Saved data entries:
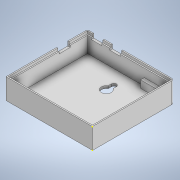
# Autodesk Inventor part: Shell 2 bottom
Saved by Autodesk Inventor 2022 (Build 260153000, 153)
## iProperties
Created: 2021-10-12
Part Number: Shell 2 bottom
Material: Generic
Document SubType Name: Modeling
Designer: Elisabeth
Density: 1 g/cm^3
Appearance: Default
Author: Elisabeth
Autodesk Inventor part; units mm, degrees
ref_plane "YZ Plane" through (0, 0, 0) normal (1, 0, 0) x (0, 1, 0)
ref_plane "XZ Plane" through (0, 0, 0) normal (0, 1, 0) x (-1, 0, 0)
ref_plane "XY Plane" through (0, 0, 0) normal (0, 0, 1) x (1, 0, 0)
sketch "Sketch1" plane through (0, 0, 0) normal (0, 1, 0) x (-1, 0, 0)
  point P0 (0, 0)
sketch "Sketch2" plane through (0, 0, 0) normal (0, 1, 0) x (-1, 0, 0)
  line L0 (0, 0) -> (70, 0)
  line L1 (70, 0) -> (70, -66)
  line L2 (70, -66) -> (0, -66)
  line L3 (0, -66) -> (0, 0)
  dimension "d0" = 70
  dimension "d1" = 66
  constraints: 8 end point, 2 parallel, 1 horizontal, 1 perpendicular
  measures "d0" distance of L1.end L2.end
  measures "d1" distance of L0.end L1.end
extrude "Extrusion1" add sketch "Sketch2" along normal blind 16.75
sketch "Sketch3" plane through (0, 16.75, 0) normal (0, 1, 0) x (1, 0, 0)
  point P0 (0, 0)
sketch "Sketch4" plane through (0, 16.75, 0) normal (0, 1, 0) x (1, 0, 0)
  line L0 (0, 66) -> (-70, 66) projected
  line L1 (-30.4814, 66) -> (-28.4814, 66)
  line L2 (-28.4814, 66) -> (-28.4814, 64)
  line L3 (-70, 66) -> (-70, 0) projected
  line L4 (-70, 37.8423) -> (-70, 39.8423)
  line L5 (-70, 39.8423) -> (-68, 39.8423)
  line L6 (-70, 0) -> (0, 0) projected
  line L7 (-28.4814, 0) -> (-30.4814, 0)
  line L8 (-30.4814, 0) -> (-30.4814, 2)
  line L9 (0, 0) -> (0, 66) projected
  line L10 (0, 38.8423) -> (0, 36.8423)
  line L11 (0, 36.8423) -> (-2, 36.8423)
  line L12 (-2, 2) -> (-60, 2)
  line L13 (-2, 64) -> (-2, 2)
  line L14 (-68, 64) -> (-68, 2)
  line L15 (-68, 64) -> (-2, 64)
  line L16 (-68, 2) -> (-2, 2)
  dimension "d5" = 2
  dimension "d6" = 2
  dimension "d7" = 2
  dimension "d8" = 2
  dimension "d9" = 2
  dimension "d10" = 2
  dimension "d11" = 2
  dimension "d12" = 2
  dimension "d102" = 2
  dimension "d103" = 2
  dimension "d104" = 2
  constraints: 26 end point, 8 point on line, 5 perpendicular, 1 parallel
  measures "d5" distance of L1.start L1.end
  measures "d6" distance of L1.end L2.end
  measures "d7" distance of L4.start L4.end
  measures "d8" distance of L4.end L5.end
  measures "d9" distance of L7.start L7.end
  measures "d10" distance of L7.end L8.end
  measures "d11" distance of L10.start L10.end
  measures "d12" distance of L10.end L11.end
  measures "d102" distance between parallel lines of L14 L3
  measures "d103" distance between parallel lines of L9 L13
  measures "d104" distance between parallel lines of L15 L0
extrude "Extrusion2" cut sketch "Sketch4" against normal blind 14.75 contours L15 L13 L12 L16 L14
sketch "Sketch10" plane through (0, 2, 0) normal (0, 1, 0) x (1, 0, 0)
  line L0 (-2, 2) -> (-68, 2) projected
  line L1 (-31, 2) -> (-48, 2)
  line L2 (-48, 2) -> (-48, 5)
  line L3 (-48, 2) -> (-63, 2)
  line L4 (-63, 2) -> (-63, 5)
  line L5 (-63, 5) -> (-48, 5)
  line L6 (-48, 5) -> (-48, 2)
  line L7 (-22, 64) -> (-7, 64)
  line L8 (-7, 64) -> (-7, 61)
  line L9 (-7, 61) -> (-22, 61)
  line L10 (-22, 61) -> (-22, 64)
  line L11 (-68, 64) -> (-2, 64) projected
  line L12 (-68, 64) -> (-68, 2)
  line L13 (-63, 2) -> (-48, 2)
  point P0 (-48, 5)
  point P1 (-63, 2)
  point P2 (-48, 2)
  dimension "d55" = 3
  dimension "d56" = 15
  dimension "d60" = 15
  dimension "d108" = 3
  constraints: 24 end point, 4 parallel, 3 horizontal, 3 perpendicular, 1 collinear, 1 vertical
  measures "d55" distance of L1.end L2.end
  measures "d56" distance of L4.end L5.end
  measures "d60" distance of L8.end L9.end
  measures "d108" distance between parallel lines of L7 L9
extrude "Extrusion5" add sketch "Sketch10" along normal blind 6
sketch "Sketch12" plane through (0, 0, 0) normal (0, -1, 0) x (1, 0, 0)
  line L0 (0, 0) -> (0, -66) projected
  arc A0 (-33, -49.6675) -> (-33, -42.7393) centre (-35, -46.2034) ccw
  arc A1 (-37, -52.3532) -> (-33, -52.3532) centre (-35, -52.3532) ccw
  line L1 (-33, -52.3532) -> (-33, -49.6675)
  line L2 (-37, -52.3532) -> (-37, -49.6675)
  arc A2 (-33, -42.7393) -> (-37, -49.6675) centre (-35, -46.2034) ccw
  constraints: 6 point on circle, 4 end point, 3 centre point, 2 tangent, 2 vertical, 1 point on line
extrude "Extrusion7" cut sketch "Sketch12" against normal blind 5
sketch "Sketch13" plane through (0, 16.75, 0) normal (0, 1, 0) x (1, 0, 0)
  line L0 (-70, 66) -> (-70, 0) projected
  line L1 (0, 0) -> (0, 66) projected
  line L2 (-69, 1) -> (-1, 1)
  line L3 (-1, 1) -> (-1, 65)
  line L4 (-1, 65) -> (-69, 65)
  line L5 (-69, 65) -> (-69, 1)
  line L6 (-70, 0) -> (0, 0) projected
  line L7 (0, 66) -> (-70, 66) projected
  line L8 (-68, 64) -> (-2, 64)
  line L9 (-2, 64) -> (-2, 2)
  line L10 (-2, 2) -> (-68, 2)
  line L11 (-68, 2) -> (-68, 64)
  dimension "d94" = 1
  dimension "d95" = 1
  dimension "d96" = 1
  dimension "d97" = 1
  dimension "d98" = 1
  dimension "d99" = 1
  dimension "d100" = 1
  dimension "d101" = 1
  constraints: 16 end point, 4 parallel, 2 horizontal, 2 perpendicular
  measures "d94" distance between parallel lines of L4 L8
  measures "d95" distance between parallel lines of L7 L4
  measures "d96" distance between parallel lines of L0 L5
  measures "d97" distance between parallel lines of L6 L2
  measures "d98" distance between parallel lines of L1 L3
  measures "d99" distance between parallel lines of L5 L11
  measures "d100" distance between parallel lines of L3 L9
  measures "d101" distance between parallel lines of L2 L10
extrude "Extrusion8" cut sketch "Sketch13" against normal blind 2 contours L5 L4 L3 L2 | L8 L9 L10 L11
sketch "Sketch15" plane through (-70, 0, -66) normal (-1, 0, 0) x (0, 0, 1)
  line L0 (62.4242, 8) -> (52.7396, 8)
  line L1 (0, 0) -> (66, 0) projected
  line L2 (0, 16.75) -> (66, 16.75) projected
  line L3 (0, 0) -> (0, 16.75) projected
  line L4 (16, 13.25) -> (25, 13.25)
  line L5 (25, 13.25) -> (25, 18.25)
  line L6 (25, 18.25) -> (16, 18.25)
  line L7 (16, 18.25) -> (16, 13.25)
  dimension "d118" = 8
  dimension "d140" = 25
  dimension "d141" = 9
  dimension "d142" = 3.5
  dimension "d143" = 5
  constraints: 10 end point, 2 horizontal, 2 parallel, 1 perpendicular
  measures "d118" distance between parallel lines of L1 L0
  measures "d140" distance between parallel lines of L3 L5
  measures "d141" distance of L4.start L4.end
  measures "d142" distance between parallel lines of L2 L4
  measures "d143" distance between parallel lines of L4 L6
extrude "Extrusion9" cut sketch "Sketch15" against normal blind 10
sketch "Sketch16" plane through (0, 0, -66) normal (0, 0, -1) x (-1, 0, 0)
  line L0 (41.4, 16.8) -> (49.9, 16.8)
  line L1 (49.9, 16.8) -> (49.9, 13.3)
  line L2 (49.9, 13.3) -> (41.4, 13.3)
  line L3 (41.4, 13.3) -> (41.4, 16.8)
  line L4 (56.5, 16.8) -> (65, 16.8)
  line L5 (65, 16.8) -> (65, 13.3)
  line L6 (65, 13.3) -> (56.5, 13.3)
  line L7 (56.5, 13.3) -> (56.5, 16.8)
  line L8 (22, 8) -> (7, 8) projected
  line L9 (70, 0) -> (70, 16.75) projected
  point P0 (0, 0)
  dimension "d127" = 8.5
  dimension "d128" = 8.5
  dimension "d129" = 3.5
  dimension "d130" = 5.3
  dimension "d131" = 28.6
  dimension "d132" = 13.5
  constraints: 16 end point, 4 parallel, 2 horizontal, 2 perpendicular, 2 point on line
  measures "d127" distance of L1.end L2.end
  measures "d128" distance of L5.end L6.end
  measures "d129" distance of L2.end L0.start
  measures "d130" distance between parallel lines of L2 L8
  measures "d131" distance between parallel lines of L3 L9
  measures "d132" distance between parallel lines of L7 L9
extrude "Extrusion10" cut sketch "Sketch16" against normal blind 10
fillet "Fillet7" radius 2 1 edges at (0, 8.375, -66)
fillet "Fillet8" radius 2 1 edges at (-70, 8.375, -66)
body "Solid1"

● **TO DO**
Using the records above, count how many lines include the word "along", and reply only with that figure.

● **SOLUTION TO THE PROBLEM**
2